# help on car stereo ??? - shit just cut off when driving



## touchdowntodd (Jun 4, 2007)

not like i have a great setup in my 63, but i do like music LOL

cut off randomly when driving .. it had happened before but usually restarted after 10-15 seconds .. 

finally off now and wont play shit. . 

head unit has full power, works with aux/cd/radio

head unit is wired to the trunk and into 2 amps .. both seem to have power, no fuses blown anywhere.. 

no sound is any speakers .. also i noticed the bass knob up on the dash doesnt have power anymore? 

seems like its wired to the 4 channel amp, then ran to the sub amp .. so i would think issue would be with the 4channel or atleast i could be getting high end in the speakers..

like i said all fuses good, only thing that looks bad is the bass knob not lighting up .. 

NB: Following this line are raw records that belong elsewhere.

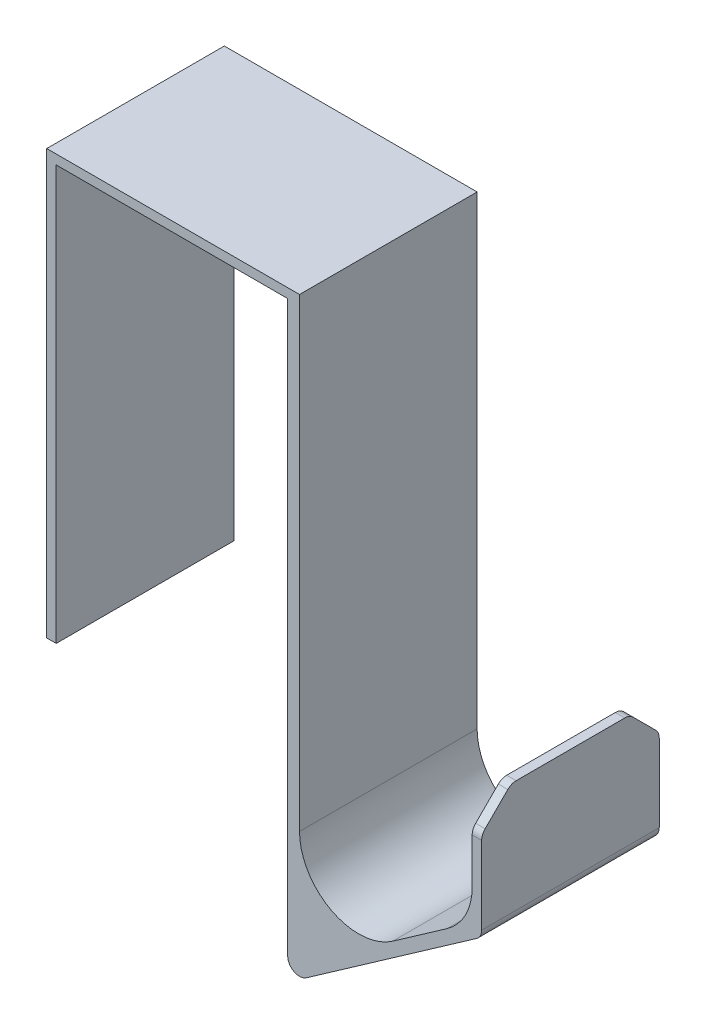
ISO-10303-21;
HEADER;
FILE_DESCRIPTION(('STEP AP214'),'2;1');
FILE_NAME('part.step','',(''),(''),'','','');
FILE_SCHEMA(('AUTOMOTIVE_DESIGN { 1 0 10303 214 1 1 1 1 }'));
ENDSEC;
DATA;
#1=APPLICATION_CONTEXT('core data for automotive mechanical design processes');
#2=APPLICATION_PROTOCOL_DEFINITION('international standard','automotive_design',2000,#1);
#3=PRODUCT_CONTEXT('',#1,'mechanical');
#4=PRODUCT('Part','Part','',(#3));
#5=PRODUCT_RELATED_PRODUCT_CATEGORY('part','',(#4));
#6=PRODUCT_DEFINITION_FORMATION('','',#4);
#7=PRODUCT_DEFINITION_CONTEXT('part definition',#1,'design');
#8=PRODUCT_DEFINITION('design','',#6,#7);
#9=PRODUCT_DEFINITION_SHAPE('','',#8);
#10=(LENGTH_UNIT() NAMED_UNIT(*) SI_UNIT(.MILLI.,.METRE.));
#11=(NAMED_UNIT(*) PLANE_ANGLE_UNIT() SI_UNIT($,.RADIAN.));
#12=(NAMED_UNIT(*) SI_UNIT($,.STERADIAN.) SOLID_ANGLE_UNIT());
#13=UNCERTAINTY_MEASURE_WITH_UNIT(LENGTH_MEASURE(1.E-05),#10,'distance_accuracy_value','');
#14=(GEOMETRIC_REPRESENTATION_CONTEXT(3) GLOBAL_UNCERTAINTY_ASSIGNED_CONTEXT((#13)) GLOBAL_UNIT_ASSIGNED_CONTEXT((#10,
#11,#12)) REPRESENTATION_CONTEXT('',''));
#15=CARTESIAN_POINT('',(0.,0.,0.));
#16=DIRECTION('',(0.,0.,1.));
#17=DIRECTION('',(1.,0.,0.));
#18=AXIS2_PLACEMENT_3D('',#15,#16,#17);
#19=CARTESIAN_POINT('',(-21.15,43.689057372,30.));
#20=DIRECTION('',(0.,1.,0.));
#21=DIRECTION('',(-1.,0.,0.));
#22=AXIS2_PLACEMENT_3D('',#19,#20,#21);
#23=PLANE('',#22);
#24=DIRECTION('',(1.,0.,0.));
#25=VECTOR('',#24,1.);
#26=CARTESIAN_POINT('',(-21.15,43.689057372,0.));
#27=LINE('',#26,#25);
#28=CARTESIAN_POINT('',(-21.15,43.689057372,0.));
#29=VERTEX_POINT('',#28);
#30=CARTESIAN_POINT('',(-19.55,43.689057372,0.));
#31=VERTEX_POINT('',#30);
#32=EDGE_CURVE('E207',#29,#31,#27,.T.);
#33=ORIENTED_EDGE('',*,*,#32,.T.);
#34=DIRECTION('',(0.,0.,-1.));
#35=VECTOR('',#34,1.);
#36=CARTESIAN_POINT('',(-19.55,43.689057372,30.));
#37=LINE('',#36,#35);
#38=CARTESIAN_POINT('',(-19.55,43.689057372,30.));
#39=VERTEX_POINT('',#38);
#40=EDGE_CURVE('E187',#39,#31,#37,.T.);
#41=ORIENTED_EDGE('',*,*,#40,.F.);
#42=DIRECTION('',(1.,0.,0.));
#43=VECTOR('',#42,1.);
#44=CARTESIAN_POINT('',(-21.15,43.689057372,30.));
#45=LINE('',#44,#43);
#46=CARTESIAN_POINT('',(-21.15,43.689057372,30.));
#47=VERTEX_POINT('',#46);
#48=EDGE_CURVE('E194',#47,#39,#45,.T.);
#49=ORIENTED_EDGE('',*,*,#48,.F.);
#50=DIRECTION('',(0.,0.,-1.));
#51=VECTOR('',#50,1.);
#52=CARTESIAN_POINT('',(-21.15,43.689057372,30.));
#53=LINE('',#52,#51);
#54=EDGE_CURVE('E332',#47,#29,#53,.T.);
#55=ORIENTED_EDGE('',*,*,#54,.T.);
#56=EDGE_LOOP('',(#33,#41,#49,#55));
#57=FACE_BOUND('',#56,.T.);
#58=ADVANCED_FACE('F35',(#57),#23,.F.);
#59=CARTESIAN_POINT('',(-19.55,43.689057372,30.));
#60=DIRECTION('',(-1.,0.,0.));
#61=DIRECTION('',(0.,0.,1.));
#62=AXIS2_PLACEMENT_3D('',#59,#60,#61);
#63=PLANE('',#62);
#64=DIRECTION('',(0.,1.,0.));
#65=VECTOR('',#64,1.);
#66=CARTESIAN_POINT('',(-19.55,43.689057372,0.));
#67=LINE('',#66,#65);
#68=CARTESIAN_POINT('',(-19.55,113.689057372,0.));
#69=VERTEX_POINT('',#68);
#70=EDGE_CURVE('E354',#31,#69,#67,.T.);
#71=ORIENTED_EDGE('',*,*,#70,.T.);
#72=DIRECTION('',(0.,0.,-1.));
#73=VECTOR('',#72,1.);
#74=CARTESIAN_POINT('',(-19.55,113.689057372,30.));
#75=LINE('',#74,#73);
#76=CARTESIAN_POINT('',(-19.55,113.689057372,30.));
#77=VERTEX_POINT('',#76);
#78=EDGE_CURVE('E190',#77,#69,#75,.T.);
#79=ORIENTED_EDGE('',*,*,#78,.F.);
#80=DIRECTION('',(0.,1.,0.));
#81=VECTOR('',#80,1.);
#82=CARTESIAN_POINT('',(-19.55,43.689057372,30.));
#83=LINE('',#82,#81);
#84=EDGE_CURVE('E183',#39,#77,#83,.T.);
#85=ORIENTED_EDGE('',*,*,#84,.F.);
#86=ORIENTED_EDGE('',*,*,#40,.T.);
#87=EDGE_LOOP('',(#71,#79,#85,#86));
#88=FACE_BOUND('',#87,.T.);
#89=ADVANCED_FACE('F185',(#88),#63,.F.);
#90=CARTESIAN_POINT('',(-19.55,113.689057372,30.));
#91=DIRECTION('',(0.,1.,0.));
#92=DIRECTION('',(0.,0.,1.));
#93=AXIS2_PLACEMENT_3D('',#90,#91,#92);
#94=PLANE('',#93);
#95=DIRECTION('',(1.,0.,0.));
#96=VECTOR('',#95,1.);
#97=CARTESIAN_POINT('',(-19.55,113.689057372,0.));
#98=LINE('',#97,#96);
#99=CARTESIAN_POINT('',(19.55,113.689057372,0.));
#100=VERTEX_POINT('',#99);
#101=EDGE_CURVE('E353',#69,#100,#98,.T.);
#102=ORIENTED_EDGE('',*,*,#101,.T.);
#103=DIRECTION('',(0.,0.,-1.));
#104=VECTOR('',#103,1.);
#105=CARTESIAN_POINT('',(19.55,113.689057372,30.));
#106=LINE('',#105,#104);
#107=CARTESIAN_POINT('',(19.55,113.689057372,30.));
#108=VERTEX_POINT('',#107);
#109=EDGE_CURVE('E212',#108,#100,#106,.T.);
#110=ORIENTED_EDGE('',*,*,#109,.F.);
#111=DIRECTION('',(1.,0.,0.));
#112=VECTOR('',#111,1.);
#113=CARTESIAN_POINT('',(-19.55,113.689057372,30.));
#114=LINE('',#113,#112);
#115=EDGE_CURVE('E193',#77,#108,#114,.T.);
#116=ORIENTED_EDGE('',*,*,#115,.F.);
#117=ORIENTED_EDGE('',*,*,#78,.T.);
#118=EDGE_LOOP('',(#102,#110,#116,#117));
#119=FACE_BOUND('',#118,.T.);
#120=ADVANCED_FACE('F371',(#119),#94,.F.);
#121=CARTESIAN_POINT('',(19.55,113.689057372,30.));
#122=DIRECTION('',(1.,0.,0.));
#123=DIRECTION('',(0.,0.,-1.));
#124=AXIS2_PLACEMENT_3D('',#121,#122,#123);
#125=PLANE('',#124);
#126=DIRECTION('',(0.,-1.,0.));
#127=VECTOR('',#126,1.);
#128=CARTESIAN_POINT('',(19.55,113.689057372,0.));
#129=LINE('',#128,#127);
#130=CARTESIAN_POINT('',(19.55,17.5310216259423,0.));
#131=VERTEX_POINT('',#130);
#132=EDGE_CURVE('E321',#100,#131,#129,.T.);
#133=ORIENTED_EDGE('',*,*,#132,.T.);
#134=DIRECTION('',(0.,0.,-1.));
#135=VECTOR('',#134,1.);
#136=CARTESIAN_POINT('',(19.55,17.5310216259423,30.));
#137=LINE('',#136,#135);
#138=CARTESIAN_POINT('',(19.55,17.5310216259423,30.));
#139=VERTEX_POINT('',#138);
#140=EDGE_CURVE('E11',#131,#139,#137,.F.);
#141=ORIENTED_EDGE('',*,*,#140,.T.);
#142=DIRECTION('',(0.,-1.,0.));
#143=VECTOR('',#142,1.);
#144=CARTESIAN_POINT('',(19.55,113.689057372,30.));
#145=LINE('',#144,#143);
#146=EDGE_CURVE('E306',#108,#139,#145,.T.);
#147=ORIENTED_EDGE('',*,*,#146,.F.);
#148=ORIENTED_EDGE('',*,*,#109,.T.);
#149=EDGE_LOOP('',(#133,#141,#147,#148));
#150=FACE_BOUND('',#149,.T.);
#151=ADVANCED_FACE('F349',(#150),#125,.F.);
#152=CARTESIAN_POINT('',(19.55,13.689057372,30.));
#153=DIRECTION('',(-0.57357643635105,0.819152044288989,0.));
#154=DIRECTION('',(-0.819152044288989,-0.57357643635105,0.));
#155=AXIS2_PLACEMENT_3D('',#152,#153,#154);
#156=PLANE('',#155);
#157=DIRECTION('',(0.819152044288989,0.57357643635105,0.));
#158=VECTOR('',#157,1.);
#159=CARTESIAN_POINT('',(19.55,13.689057372,0.));
#160=LINE('',#159,#158);
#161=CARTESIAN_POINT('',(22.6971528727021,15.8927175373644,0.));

ideas? crruisin with no music SUCKS.. bad


----------



## sixonebubble (Jan 7, 2011)

If you have power at the amps and the radio then power isn't the issue. If you have no sound from any speaker then the deck may have the issue. If knob doesn't light up then my guess would be internal head unit issue. A few suggestions:

First question, how old is the head unit?
Wire in a different head unit to check if it's the system or the deck? 
Inspect any inline fuses or replaceable fuses on the deck?
If you are only using RCA outputs to the amps, check remote wire from head unit to amps to make sure they are being turned on by the head unit.
Are you using any of the standard speaker wires from the deck (purple/green/blue/etc...)? Or are you only using the RCA jacks to the amps then your using a different PCB for output? If you not using the standard speaker channels connect one to a speaker to see if there's sound. Is sound, then RCA output may be blown. 

Any more info you can provide is helpful.


----------



## touchdowntodd (Jun 4, 2007)

head unit pretty new .. it has full power, lights up, even has the lil EQ bouncin .. 

not using ay standar outputs now .. ill check that.. 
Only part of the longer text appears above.